[Collected data]
******************************

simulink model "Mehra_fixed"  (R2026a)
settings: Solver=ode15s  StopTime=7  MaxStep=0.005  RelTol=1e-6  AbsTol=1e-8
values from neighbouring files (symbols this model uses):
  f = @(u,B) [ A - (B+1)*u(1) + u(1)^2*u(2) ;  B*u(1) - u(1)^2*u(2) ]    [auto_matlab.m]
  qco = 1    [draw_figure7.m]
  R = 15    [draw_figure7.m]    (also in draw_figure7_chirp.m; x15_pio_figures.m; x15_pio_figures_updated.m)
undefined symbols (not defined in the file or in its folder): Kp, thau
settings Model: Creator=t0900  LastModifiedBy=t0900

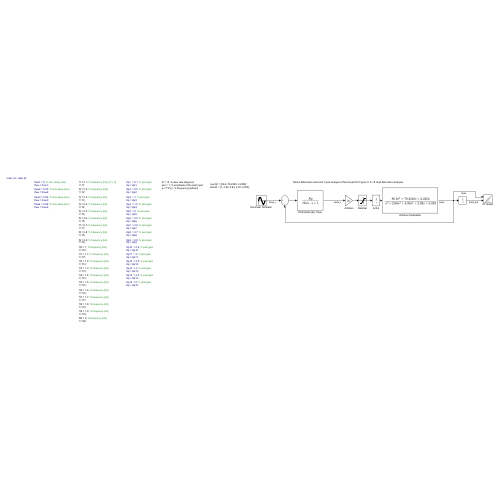
[thumbnail: Simulink's stored preview of the top-level diagram]
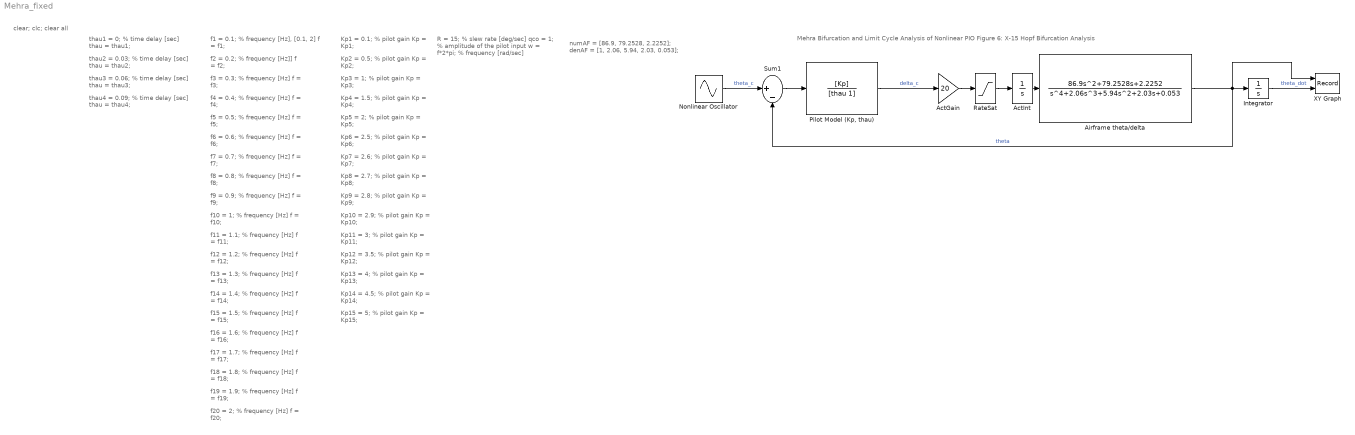
== system Mehra_fixed ==
  note: Kp1  = 0.1; % pilot gain
      | Kp = Kp1;
  note: numAF = [86.9, 79.2528, 2.2252];
      | denAF = [1, 2.06, 5.94, 2.03, 0.053];
  note: R = 15; % slew rate [deg/sec]
      | qco = 1; % amplitude of the pilot input
      | w = f*2*pi; % frequency [rad/sec]
  note: f1 = 0.1; % frequency [Hz], [0.1, 2]
      | f = f1;
  note: thau4 = 0.09; % time delay [sec]
      | thau = thau4;
  note: thau3 = 0.06; % time delay [sec]
      | thau = thau3;
  note: thau2 = 0.03; % time delay [sec]
      | thau = thau2;
  note: thau1 = 0; % time delay [sec]
      | thau = thau1;
  note: Mehra Bifurcation and Limit Cycle Analysis of Nonlinear PIO Figure 6: X-15 Hopf Bifurcation Analysis
  note: clear; clc; clear all
  note: f2 = 0.2; % frequency [Hz]]
      | f = f2;
  note: f3 = 0.3; % frequency [Hz]
      | f = f3;
  note: f4 = 0.4; % frequency [Hz]
      | f = f4;
  note: f5 = 0.5; % frequency [Hz]
      | f = f5;
  note: f6 = 0.6; % frequency [Hz]
      | f = f6;
  note: f7 = 0.7; % frequency [Hz]
      | f = f7;
  note: f8 = 0.8; % frequency [Hz]
      | f = f8;
  note: f9 = 0.9; % frequency [Hz]
      | f = f9;
  note: f10 = 1; % frequency [Hz]
      | f = f10;
  note: f11 = 1.1; % frequency [Hz]
      | f = f11;
  note: f12 = 1.2; % frequency [Hz]
      | f = f12;
  note: f13 = 1.3; % frequency [Hz]
      | f = f13;
  note: f14 = 1.4; % frequency [Hz]
      | f = f14;
  note: f15 = 1.5; % frequency [Hz]
      | f = f15;
  note: f16 = 1.6; % frequency [Hz]
      | f = f16;
  note: f17 = 1.7; % frequency [Hz]
      | f = f17;
  note: f18 = 1.8; % frequency [Hz]
      | f = f18;
  note: f19 = 1.9; % frequency [Hz]
      | f = f19;
  note: f20 = 2; % frequency [Hz]
      | f = f20;
  note: Kp2  = 0.5; % pilot gain
      | Kp = Kp2;
  note: Kp3  = 1; % pilot gain
      | Kp = Kp3;
  note: Kp4  = 1.5; % pilot gain
      | Kp = Kp4;
  note: Kp5  = 2; % pilot gain
      | Kp = Kp5;
  note: Kp6  = 2.5; % pilot gain
      | Kp = Kp6;
  note: Kp7  = 2.6; % pilot gain
      | Kp = Kp7;
  note: Kp8  = 2.7; % pilot gain
      | Kp = Kp8;
  note: Kp9  = 2.8; % pilot gain
      | Kp = Kp9;
  note: Kp10  = 2.9; % pilot gain
      | Kp = Kp10;
  note: Kp11  = 3; % pilot gain
      | Kp = Kp11;
  note: Kp12  = 3.5; % pilot gain
      | Kp = Kp12;
  note: Kp13  = 4; % pilot gain
      | Kp = Kp13;
  note: Kp14  = 4.5; % pilot gain
      | Kp = Kp14;
  note: Kp15  = 5; % pilot gain
      | Kp = Kp15;
  ActGain : Gain  Gain=20
  ActInt : Integrator
  Airframe theta/delta : TransferFcn  Numerator=[86.9, 79.2528, 2.2252]  Denominator=[1, 2.06, 5.94, 2.03, 0.053]
  Integrator : Integrator
  Nonlinear Oscillator : Sin  Amplitude=qco  Frequency=f*2*pi  SampleTime=0
  "Pilot Model (Kp, thau)" : TransferFcn  Numerator=[Kp]  Denominator=[thau 1]
  RateSat : Saturate  UpperLimit=R  LowerLimit=-R
  Sum1 : Sum  Inputs=|+-
  XY Graph : Record  NumPorts=2.0  FileSettingsInternal="{\"entries\":[{\"content\":{\"excelSettings\":{\"content\":{},\"type\":\"Streamout.ExcelSettings\"},\"parquetSettings\":{\"content\":{},\"type\":\"Streamout.ParquetSettings\"}},\"type\":\"Streamout.FileSettingStorage\",\"uuid\":\"\"}],\"packageUris\":[\"http:\\/\\/schema.mathworks.com\\/mf0\\/streamout_blocks\\/R2020a\"],\"version\":\"1.0\"}"  FrameSettings=[0, 0]  Layout=[1 1]  SignalsInternal="{\"entries\":[{\"content\":{\"signals\":[{\"content\":{\"blockPath\":[],\"dimensions\":[1],\"domain\":\"\",\"lineColor\":\"#a2142f\",\"plots\":[ 1 ],\"port\":1,\"signalID\":1,\"signalName\":\"theta\"},\"type\":\"RecordBlkView.Signal\",\"uuid\":\"\"},{\"content\":{\"blockPath\":[],\"dimensions\":[1],\"domain\":\"\",\"lineColor\":\"#139fff\",\"plots\":[ 1 ],\"port\":2,\"signalID\":2,\"signalName\":\"theta_dot\"},\"type\":\"RecordBlkView.Signal\",\"uuid\":\"\"}]},\"type\":\"RecordBlkView.InputSignals\",\"uuid\":\"\"}],\"packageUris\":[\"http:\\/\\/schema.mathworks.com\\/mf0\\/streamout_blocks\\/R2020a\"],\"version\":\"1.0\"}"  VisualizationBindings="{\"xyplotplugin\":{\"info\":[{\"series\":[{\"bindingParametersList\":[{\"parameter\":\"X-Axis\",\"signalID\":1,\"signalName\":\"theta\"},{\"parameter\":\"Y-Axis\",\"signalID\":2,\"signalName\":\"theta_dot\"}],\"seriesID\":0}],\"subplotID\":1}]}}"  CompatibilityTag=XY
  wires:
  Sum1/1 -> "Pilot Model (Kp, thau)"/1
  "Pilot Model (Kp, thau)"/1 -> ActGain/1  "delta_c"
  Nonlinear Oscillator/1 -> Sum1/1  "theta_c"
  Airframe theta/delta/1 -> XY Graph/1, Sum1/2, Integrator/1  "theta"
  Integrator/1 -> XY Graph/2  "theta_dot"
  ActGain/1 -> RateSat/1
  RateSat/1 -> ActInt/1
  ActInt/1 -> Airframe theta/delta/1

******************************

#### [WHAT YOU NEED TO DO]
A verbatim copy of the entries, without the pictures, is what this task requires.

#### [WORKED SOLUTION]
simulink model "Mehra_fixed"  (R2026a)
settings: Solver=ode15s  StopTime=7  MaxStep=0.005  RelTol=1e-6  AbsTol=1e-8
values from neighbouring files (symbols this model uses):
  f = @(u,B) [ A - (B+1)*u(1) + u(1)^2*u(2) ;  B*u(1) - u(1)^2*u(2) ]    [auto_matlab.m]
  qco = 1    [draw_figure7.m]
  R = 15    [draw_figure7.m]    (also in draw_figure7_chirp.m; x15_pio_figures.m; x15_pio_figures_updated.m)
undefined symbols (not defined in the file or in its folder): Kp, thau
settings Model: Creator=t0900  LastModifiedBy=t0900

[thumbnail: Simulink's stored preview of the top-level diagram]
== system Mehra_fixed ==
  note: Kp1  = 0.1; % pilot gain
      | Kp = Kp1;
  note: numAF = [86.9, 79.2528, 2.2252];
      | denAF = [1, 2.06, 5.94, 2.03, 0.053];
  note: R = 15; % slew rate [deg/sec]
      | qco = 1; % amplitude of the pilot input
      | w = f*2*pi; % frequency [rad/sec]
  note: f1 = 0.1; % frequency [Hz], [0.1, 2]
      | f = f1;
  note: thau4 = 0.09; % time delay [sec]
      | thau = thau4;
  note: thau3 = 0.06; % time delay [sec]
      | thau = thau3;
  note: thau2 = 0.03; % time delay [sec]
      | thau = thau2;
  note: thau1 = 0; % time delay [sec]
      | thau = thau1;
  note: Mehra Bifurcation and Limit Cycle Analysis of Nonlinear PIO Figure 6: X-15 Hopf Bifurcation Analysis
  note: clear; clc; clear all
  note: f2 = 0.2; % frequency [Hz]]
      | f = f2;
  note: f3 = 0.3; % frequency [Hz]
      | f = f3;
  note: f4 = 0.4; % frequency [Hz]
      | f = f4;
  note: f5 = 0.5; % frequency [Hz]
      | f = f5;
  note: f6 = 0.6; % frequency [Hz]
      | f = f6;
  note: f7 = 0.7; % frequency [Hz]
      | f = f7;
  note: f8 = 0.8; % frequency [Hz]
      | f = f8;
  note: f9 = 0.9; % frequency [Hz]
      | f = f9;
  note: f10 = 1; % frequency [Hz]
      | f = f10;
  note: f11 = 1.1; % frequency [Hz]
      | f = f11;
  note: f12 = 1.2; % frequency [Hz]
      | f = f12;
  note: f13 = 1.3; % frequency [Hz]
      | f = f13;
  note: f14 = 1.4; % frequency [Hz]
      | f = f14;
  note: f15 = 1.5; % frequency [Hz]
      | f = f15;
  note: f16 = 1.6; % frequency [Hz]
      | f = f16;
  note: f17 = 1.7; % frequency [Hz]
      | f = f17;
  note: f18 = 1.8; % frequency [Hz]
      | f = f18;
  note: f19 = 1.9; % frequency [Hz]
      | f = f19;
  note: f20 = 2; % frequency [Hz]
      | f = f20;
  note: Kp2  = 0.5; % pilot gain
      | Kp = Kp2;
  note: Kp3  = 1; % pilot gain
      | Kp = Kp3;
  note: Kp4  = 1.5; % pilot gain
      | Kp = Kp4;
  note: Kp5  = 2; % pilot gain
      | Kp = Kp5;
  note: Kp6  = 2.5; % pilot gain
      | Kp = Kp6;
  note: Kp7  = 2.6; % pilot gain
      | Kp = Kp7;
  note: Kp8  = 2.7; % pilot gain
      | Kp = Kp8;
  note: Kp9  = 2.8; % pilot gain
      | Kp = Kp9;
  note: Kp10  = 2.9; % pilot gain
      | Kp = Kp10;
  note: Kp11  = 3; % pilot gain
      | Kp = Kp11;
  note: Kp12  = 3.5; % pilot gain
      | Kp = Kp12;
  note: Kp13  = 4; % pilot gain
      | Kp = Kp13;
  note: Kp14  = 4.5; % pilot gain
      | Kp = Kp14;
  note: Kp15  = 5; % pilot gain
      | Kp = Kp15;
  ActGain : Gain  Gain=20
  ActInt : Integrator
  Airframe theta/delta : TransferFcn  Numerator=[86.9, 79.2528, 2.2252]  Denominator=[1, 2.06, 5.94, 2.03, 0.053]
  Integrator : Integrator
  Nonlinear Oscillator : Sin  Amplitude=qco  Frequency=f*2*pi  SampleTime=0
  "Pilot Model (Kp, thau)" : TransferFcn  Numerator=[Kp]  Denominator=[thau 1]
  RateSat : Saturate  UpperLimit=R  LowerLimit=-R
  Sum1 : Sum  Inputs=|+-
  XY Graph : Record  NumPorts=2.0  FileSettingsInternal="{\"entries\":[{\"content\":{\"excelSettings\":{\"content\":{},\"type\":\"Streamout.ExcelSettings\"},\"parquetSettings\":{\"content\":{},\"type\":\"Streamout.ParquetSettings\"}},\"type\":\"Streamout.FileSettingStorage\",\"uuid\":\"\"}],\"packageUris\":[\"http:\\/\\/schema.mathworks.com\\/mf0\\/streamout_blocks\\/R2020a\"],\"version\":\"1.0\"}"  FrameSettings=[0, 0]  Layout=[1 1]  SignalsInternal="{\"entries\":[{\"content\":{\"signals\":[{\"content\":{\"blockPath\":[],\"dimensions\":[1],\"domain\":\"\",\"lineColor\":\"#a2142f\",\"plots\":[ 1 ],\"port\":1,\"signalID\":1,\"signalName\":\"theta\"},\"type\":\"RecordBlkView.Signal\",\"uuid\":\"\"},{\"content\":{\"blockPath\":[],\"dimensions\":[1],\"domain\":\"\",\"lineColor\":\"#139fff\",\"plots\":[ 1 ],\"port\":2,\"signalID\":2,\"signalName\":\"theta_dot\"},\"type\":\"RecordBlkView.Signal\",\"uuid\":\"\"}]},\"type\":\"RecordBlkView.InputSignals\",\"uuid\":\"\"}],\"packageUris\":[\"http:\\/\\/schema.mathworks.com\\/mf0\\/streamout_blocks\\/R2020a\"],\"version\":\"1.0\"}"  VisualizationBindings="{\"xyplotplugin\":{\"info\":[{\"series\":[{\"bindingParametersList\":[{\"parameter\":\"X-Axis\",\"signalID\":1,\"signalName\":\"theta\"},{\"parameter\":\"Y-Axis\",\"signalID\":2,\"signalName\":\"theta_dot\"}],\"seriesID\":0}],\"subplotID\":1}]}}"  CompatibilityTag=XY
  wires:
  Sum1/1 -> "Pilot Model (Kp, thau)"/1
  "Pilot Model (Kp, thau)"/1 -> ActGain/1  "delta_c"
  Nonlinear Oscillator/1 -> Sum1/1  "theta_c"
  Airframe theta/delta/1 -> XY Graph/1, Sum1/2, Integrator/1  "theta"
  Integrator/1 -> XY Graph/2  "theta_dot"
  ActGain/1 -> RateSat/1
  RateSat/1 -> ActInt/1
  ActInt/1 -> Airframe theta/delta/1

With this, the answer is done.